** TASK **
Nothing but the lines below between the line holding "Appearance: Default" and the line holding "line L1 (508, 0) -> (508, -185.42)", inclusive, should appear in the answer, each set down exactly.

** Stored data **
- - -

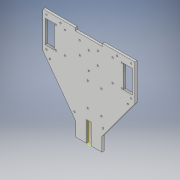
# Autodesk Inventor part: Very real base
Saved by Autodesk Inventor 2019 (Build 230136000, 136)
## iProperties
Created: 2018-08-20
Part Number: Very real base
Material: Generic
Document SubType Name: Modeling
Designer: kalakuntla1297
Density: 1 g/cm^3
Appearance: Default
Author: kalakuntla1297
Autodesk Inventor part; units mm, degrees
ref_plane "YZ Plane" through (0, 0, 0) normal (1, 0, 0) x (0, 1, 0)
ref_plane "XZ Plane" through (0, 0, 0) normal (0, 1, 0) x (-1, 0, 0)
ref_plane "XY Plane" through (0, 0, 0) normal (0, 0, 1) x (1, 0, 0)
sketch "Sketch1" plane through (0, 0, 0) normal (0, 0, 1) x (1, 0, 0)
  line L0 (0, 0) -> (508, 0)
  line L1 (508, 0) -> (508, -185.42)
  line L2 (0, 0) -> (0, -185.42)
  line L3 (254, 0) -> (254, -508)
  line L4 (254, -508) -> (266.7, -508)
  line L5 (254, -508) -> (241.3, -508)
  line L6 (266.7, -508) -> (266.7, -393.7)
  line L7 (241.3, -508) -> (241.3, -393.7)
  line L8 (266.7, -508) -> (326.39, -508)
  line L9 (241.3, -508) -> (181.61, -508)
  line L10 (326.39, -508) -> (326.39, -431.8)
  line L11 (326.39, -431.8) -> (508, -185.42)
  line L12 (241.3, -393.7) -> (266.7, -393.7)
  line L13 (12.7, -22.1996) -> (63.5, -22.1996)
  line L14 (63.5, -22.1996) -> (63.5, -149.1996)
  line L15 (63.5, -149.1996) -> (12.7, -149.1996)
  line L16 (12.7, -149.1996) -> (12.7, -22.1996)
  line L17 (495.3, -22.1996) -> (444.5, -22.1996)
  line L18 (444.5, -22.1996) -> (444.5, -149.1996)
  line L19 (444.5, -149.1996) -> (495.3, -149.1996)
  line L20 (495.3, -149.1996) -> (495.3, -22.1996)
  circle A0 centre (71.374, -24.13) radius 4.064
  circle A1 centre (122.174, -24.13) radius 4.064
  circle A2 centre (71.374, -147.2692) radius 4.064
  circle A3 centre (122.174, -147.2692) radius 4.064
  circle A4 centre (385.826, -147.2692) radius 4.064
  circle A5 centre (436.626, -147.2692) radius 4.064
  circle A6 centre (436.626, -24.13) radius 4.064
  circle A7 centre (385.826, -24.13) radius 4.064
  line L21 (0, -185.42) -> (508, -185.42)
  line L22 (181.61, -508) -> (181.61, -431.8)
  line L23 (181.61, -431.8) -> (0, -185.42)
  dimension "d0" = 508
  dimension "d1" = 185.42
  dimension "d2" = 185.42
  dimension "d3" = 508
  dimension "d4" = 12.7
  dimension "d5" = 12.7
  dimension "d6" = 114.3
  dimension "d7" = 59.69
  dimension "d8" = 59.69
  dimension "d9" = 76.2
  dimension "d10" = 22.1996
  dimension "d11" = 22.1996
  dimension "d12" = 12.7
  dimension "d13" = 12.7
  dimension "d14" = 50.8
  dimension "d15" = 50.8
  dimension "d16" = 149.1996
  dimension "d17" = 149.1996
  dimension "d18" = 8.128
  dimension "d19" = 8.128
  dimension "d20" = 8.128
  dimension "d21" = 8.128
  dimension "d22" = 24.13
  dimension "d23" = 24.13
  dimension "d24" = 147.2692
  dimension "d25" = 147.2692
  dimension "d26" = 7.874
  dimension "d27" = 58.674
  dimension "d28" = 7.874
  dimension "d29" = 58.674
  constraints: 48 end point, 8 centre point, 7 horizontal, 7 vertical, 4 parallel, 4 symmetric about line, 3 perpendicular, 1 midpoint, 1 point on line, 4 other
  measures "d0" distance of L0.start L1.start
  measures "d1" distance of L1.start L11.end
  measures "d2" distance of L0.start L21.start
  measures "d3" distance of L3.start L3.end
  measures "d4" distance of L3.end L6.start
  measures "d5" distance of L3.end L9.start
  measures "d6" distance of L6.start L12.end
  measures "d7" distance of L6.start L10.start
  measures "d8" distance of L9.start L9.end
  measures "d9" distance of L10.start L11.start
  measures "d10" distance between parallel lines of L0 L13
  measures "d11" distance between parallel lines of L0 L17
  measures "d12" distance between parallel lines of L2 L16
  measures "d13" distance between parallel lines of L1 L20
  measures "d14" distance of L14.end L16.start
  measures "d15" distance of L18.end L19.end
  measures "d16" distance between parallel lines of L0 L19
  measures "d17" distance between parallel lines of L0 L15
  measures "d18" diameter of A1
  measures "d19" diameter of A3
  measures "d20" diameter of A2
  measures "d21" diameter of A0
  measures "d22" distance from line of L0 A0.centre
  measures "d23" distance from line of L0 A1.centre
  measures "d24" distance from line of L0 A2.centre
  measures "d25" distance from line of L0 A3.centre
  measures "d26" distance from line of L14 A0.centre
  measures "d27" distance from line of L14 A1.centre
  measures "d28" distance from line of L14 A2.centre
  measures "d29" distance from line of L14 A3.centre
extrude "Extrusion1" add sketch "Sketch1" along normal blind 12.7 contours L0 L3 L21 L2 | L0 L1 L21 L3 | L21 L3 L12 L7 L9 L22 L23 | L21 L11 L10 L8 L6 L12 L3 | L3 L5 L7 L12
sketch "Sketch2" plane through (0, 0, 12.7) normal (0, 0, 1) x (1, 0, 0)
  circle A0 centre (203.2, 9.3133) radius 4.064
  circle A1 centre (304.8, 9.3133) radius 4.064
  circle A2 centre (203.2, -33.02) radius 4.064
  circle A3 centre (304.8, -33.02) radius 4.064
  line L0 (12.7, 15.24) -> (12.7, -185.42)
  line L1 (571.5, -185.42) -> (571.5, 15.24)
  line L2 (508, 0) -> (0, 0) projected
  line L3 (254, 0) -> (177.8, 0)
  line L4 (254, 0) -> (330.2, 0)
  line L5 (177.8, 0) -> (177.8, 31.75)
  line L6 (177.8, 31.75) -> (330.2, 31.75)
  line L7 (330.2, 31.75) -> (330.2, 0)
  point P0 (12.7, -185.42)
  dimension "d33" = 8.128
  dimension "d34" = 8.128
  dimension "d35" = 8.128
  dimension "d36" = 8.128
  dimension "d41" = 190.5
  dimension "d42" = 266.7
  dimension "d43" = 266.7
  dimension "d44" = 190.5
  dimension "d111" = 76.2
  dimension "d112" = 76.2
  dimension "d113" = 31.75
  constraints: 12 end point, 4 centre point, 2 perpendicular, 2 point on line, 1 midpoint, 1 vertical, 3 other
  measures "d33" diameter of A0
  measures "d34" diameter of A1
  measures "d35" diameter of A3
  measures "d36" diameter of A2
  measures "d42" distance from line of L1 A1.centre
  measures "d43" distance from line of L1 A3.centre
  measures "d111" distance of L3.start L3.end
  measures "d112" distance of L4.end L3.start
  measures "d113" distance of L3.end L5.end
extrude "Extrusion3" cut sketch "Sketch2" against normal blind 12.7 contours A2 | A3
extrude "Extrusion4" cut sketch "Sketch1" along normal blind 12.7 contours L12 L6 L4 L3 | L3 L5 L7 L12
sketch "Sketch4" plane through (0, 0, 12.7) normal (0, 0, 1) x (1, 0, 0)
  circle A0 centre (247.65, -336.55) radius 4.064
  circle A1 centre (323.85, -204.47) radius 4.064
  circle A2 centre (323.85, -336.55) radius 4.064
  circle A3 centre (247.65, -204.47) radius 4.064
  line L0 (0, 0) -> (0, -185.42) projected
  line L1 (181.61, -508) -> (241.3, -508) projected
  line L2 (266.7, -508) -> (326.39, -508) projected
  dimension "d51" = 8.128
  dimension "d52" = 8.128
  dimension "d53" = 247.65
  dimension "d54" = 323.85
  dimension "d55" = 247.65
  dimension "d56" = 323.85
  dimension "d57" = 171.45
  dimension "d58" = 171.45
  dimension "d59" = 303.53
  dimension "d60" = 303.53
  dimension "d61" = 8.128
  constraints: 4 centre point, 1 equal radius
  measures "d51" diameter of A1
  measures "d52" diameter of A2
  measures "d53" distance from line of A0.centre L0
  measures "d54" distance from line of A2.centre L0
  measures "d55" distance from line of L0 A3.centre
  measures "d56" distance from line of L0 A1.centre
  measures "d57" distance from line of A0.centre L1
  measures "d58" distance from line of L2 A2.centre
  measures "d59" distance from line of A3.centre L1
  measures "d60" distance from line of L2 A1.centre
  measures "d61" diameter of A0
extrude "Extrusion5" cut sketch "Sketch4" against normal blind 25.4
sketch "Sketch5" plane through (0, 0, 12.7) normal (0, 0, 1) x (1, 0, 0)
  line L0 (0, -185.42) -> (181.61, -431.8) projected
  line L1 (0, -185.42) -> (31.0065, -162.5647)
  circle A0 centre (37.9406, -204.7855) radius 4.1656
  line L2 (181.61, -431.8) -> (181.61, -508) projected
  line L3 (181.61, -431.8) -> (204.5543, -414.8875)
  circle A1 centre (174.3381, -389.8282) radius 4.1656
  point P0 (0, 0)
  dimension "d64" = 90
  dimension "d65" = 8.3312
  dimension "d66" = 19.05
  dimension "d67" = 38.1
  dimension "d68" = 90
  dimension "d69" = 8.3312
  dimension "d70" = 38.1
  dimension "d71" = 19.05
  constraints: 4 end point, 2 centre point
  measures "d64" angle of L0 L1
  measures "d65" diameter of A0
  measures "d66" distance from line of L0 A0.centre
  measures "d67" distance from line of L1 A0.centre
  measures "d68" angle of L0 L3
  measures "d69" diameter of A1
  measures "d70" distance from line of L3 A1.centre
  measures "d71" distance from line of L0 A1.centre
extrude "Extrusion6" cut sketch "Sketch5" against normal blind 25.4
ref_plane "Work Plane1" through (254, -508, 0) normal (1, 0, 0) x (0, 0, -1)
mirror "Mirror1" about plane through (254, -508, 0) normal (1, 0, 0) of "Extrusion6"
sketch "Sketch7" plane through (0, 0, 12.7) normal (0, 0, 1) x (1, 0, 0)
  line L0 (177.8, 0) -> (177.8, 43.18) projected
  line L1 (177.8, 0) -> (0, 0)
  line L2 (0, 0) -> (0, 15.24)
  line L3 (0, 15.24) -> (177.8, 15.24)
  line L4 (177.8, 15.24) -> (177.8, 0)
  dimension "d80" = 15.24
  constraints: 8 end point, 2 parallel, 1 horizontal, 1 perpendicular
  measures "d80" distance of L1.end L2.end
extrude "Extrusion8" add sketch "Sketch7" against normal blind 12.7
mirror "Mirror3" about plane through (254, -508, 0) normal (1, 0, 0) of "Extrusion8"
sketch "Sketch8" plane through (0, 0, 12.7) normal (0, 0, 1) x (1, 0, 0)
  circle A0 centre (96.774, -3.81) radius 4.1656
  line L0 (0, -185.42) -> (0, 15.24) projected
  line L1 (0, 15.24) -> (177.8, 15.24) projected
  point P0 (0, 0)
  dimension "d83" = 8.3312
  dimension "d84" = 96.774
  dimension "d85" = 19.05
  constraints: 1 centre point
  measures "d83" diameter of A0
  measures "d84" distance from line of L0 A0.centre
  measures "d85" distance from line of L1 A0.centre
extrude "Extrusion9" cut sketch "Sketch8" against normal blind 12.7
mirror "Mirror4" about plane through (254, -508, 0) normal (1, 0, 0) of "Extrusion9"
sketch "Sketch9" plane through (0, 0, 12.7) normal (0, 0, 1) x (1, 0, 0)
  circle A0 centre (19.05, -1.397) radius 4.1656
  line L0 (0, -185.42) -> (0, 15.24) projected
  line L1 (0, 15.24) -> (177.8, 15.24) projected
  point P0 (0, 0)
  dimension "d88" = 8.3312
  dimension "d89" = 19.05
  dimension "d90" = 16.637
  constraints: 1 centre point
  measures "d88" diameter of A0
  measures "d89" distance from line of L0 A0.centre
  measures "d90" distance from line of L1 A0.centre
extrude "Extrusion10" cut sketch "Sketch9" against normal blind 12.7
mirror "Mirror5" about plane through (254, -508, 0) normal (1, 0, 0) of "Extrusion10"
sketch "Sketch10" plane through (0, 0, 12.7) normal (0, 0, 1) x (1, 0, 0)
  line L0 (0, -185.42) -> (181.61, -431.8) projected
  line L1 (0, -185.42) -> (68.7917, -185.42)
  circle A0 centre (19.05, -168.783) radius 4.1656
  line L2 (0, -185.42) -> (0, 15.24) projected
  point P0 (0, 0)
  dimension "d93" = 8.3312
  dimension "d94" = 19.05
  dimension "d95" = 16.637
  constraints: 2 end point, 1 centre point, 1 horizontal
  measures "d93" diameter of A0
  measures "d94" distance from line of L2 A0.centre
  measures "d95" distance from line of L1 A0.centre
extrude "Extrusion11" cut sketch "Sketch10" against normal blind 12.7
mirror "Mirror6" about plane through (254, -508, 0) normal (1, 0, 0) of "Extrusion11"
sketch "Sketch11" plane through (0, 0, 12.7) normal (0, 0, 1) x (1, 0, 0)
  circle A0 centre (254, -55.7555) radius 4.064
  circle A1 centre (203.2, -33.02) radius 4.064 projected
  circle A2 centre (254, -154.1805) radius 4.064
  circle A3 centre (303.2125, -104.9553) radius 4.064
  circle A4 centre (204.7875, -104.9553) radius 4.064
  circle A5 centre (304.8, -33.02) radius 4.064 projected
  point P0 (0, 0)
  dimension "d99" = 8.128
  dimension "d100" = 50.8
  dimension "d101" = 8.128
  dimension "d102" = 98.425
  dimension "d103" = 8.128
  dimension "d104" = 8.128
  dimension "d105" = 98.425
  dimension "d106" = 1.5875
  dimension "d107" = 49.2252
  constraints: 4 centre point
  measures "d99" diameter of A0
  measures "d100" horizontal distance of A1.centre A0.centre
  measures "d101" diameter of A2
  measures "d102" distance between centres of A0 A2
  measures "d103" diameter of A4
  measures "d104" diameter of A3
  measures "d105" distance of A3.centre A4.centre
  measures "d106" horizontal distance of A5.centre A3.centre
  measures "d107" vertical distance of A4.centre A2.centre
extrude "Extrusion12" cut sketch "Sketch11" against normal blind 25.4 contours A0 | A2 | A3 | A4
body "Solid1"

- - -

** SOLUTION TO THIS EXERCISE **
Appearance: Default
Author: kalakuntla1297
Autodesk Inventor part; units mm, degrees
ref_plane "YZ Plane" through (0, 0, 0) normal (1, 0, 0) x (0, 1, 0)
ref_plane "XZ Plane" through (0, 0, 0) normal (0, 1, 0) x (-1, 0, 0)
ref_plane "XY Plane" through (0, 0, 0) normal (0, 0, 1) x (1, 0, 0)
sketch "Sketch1" plane through (0, 0, 0) normal (0, 0, 1) x (1, 0, 0)
  line L0 (0, 0) -> (508, 0)
  line L1 (508, 0) -> (508, -185.42)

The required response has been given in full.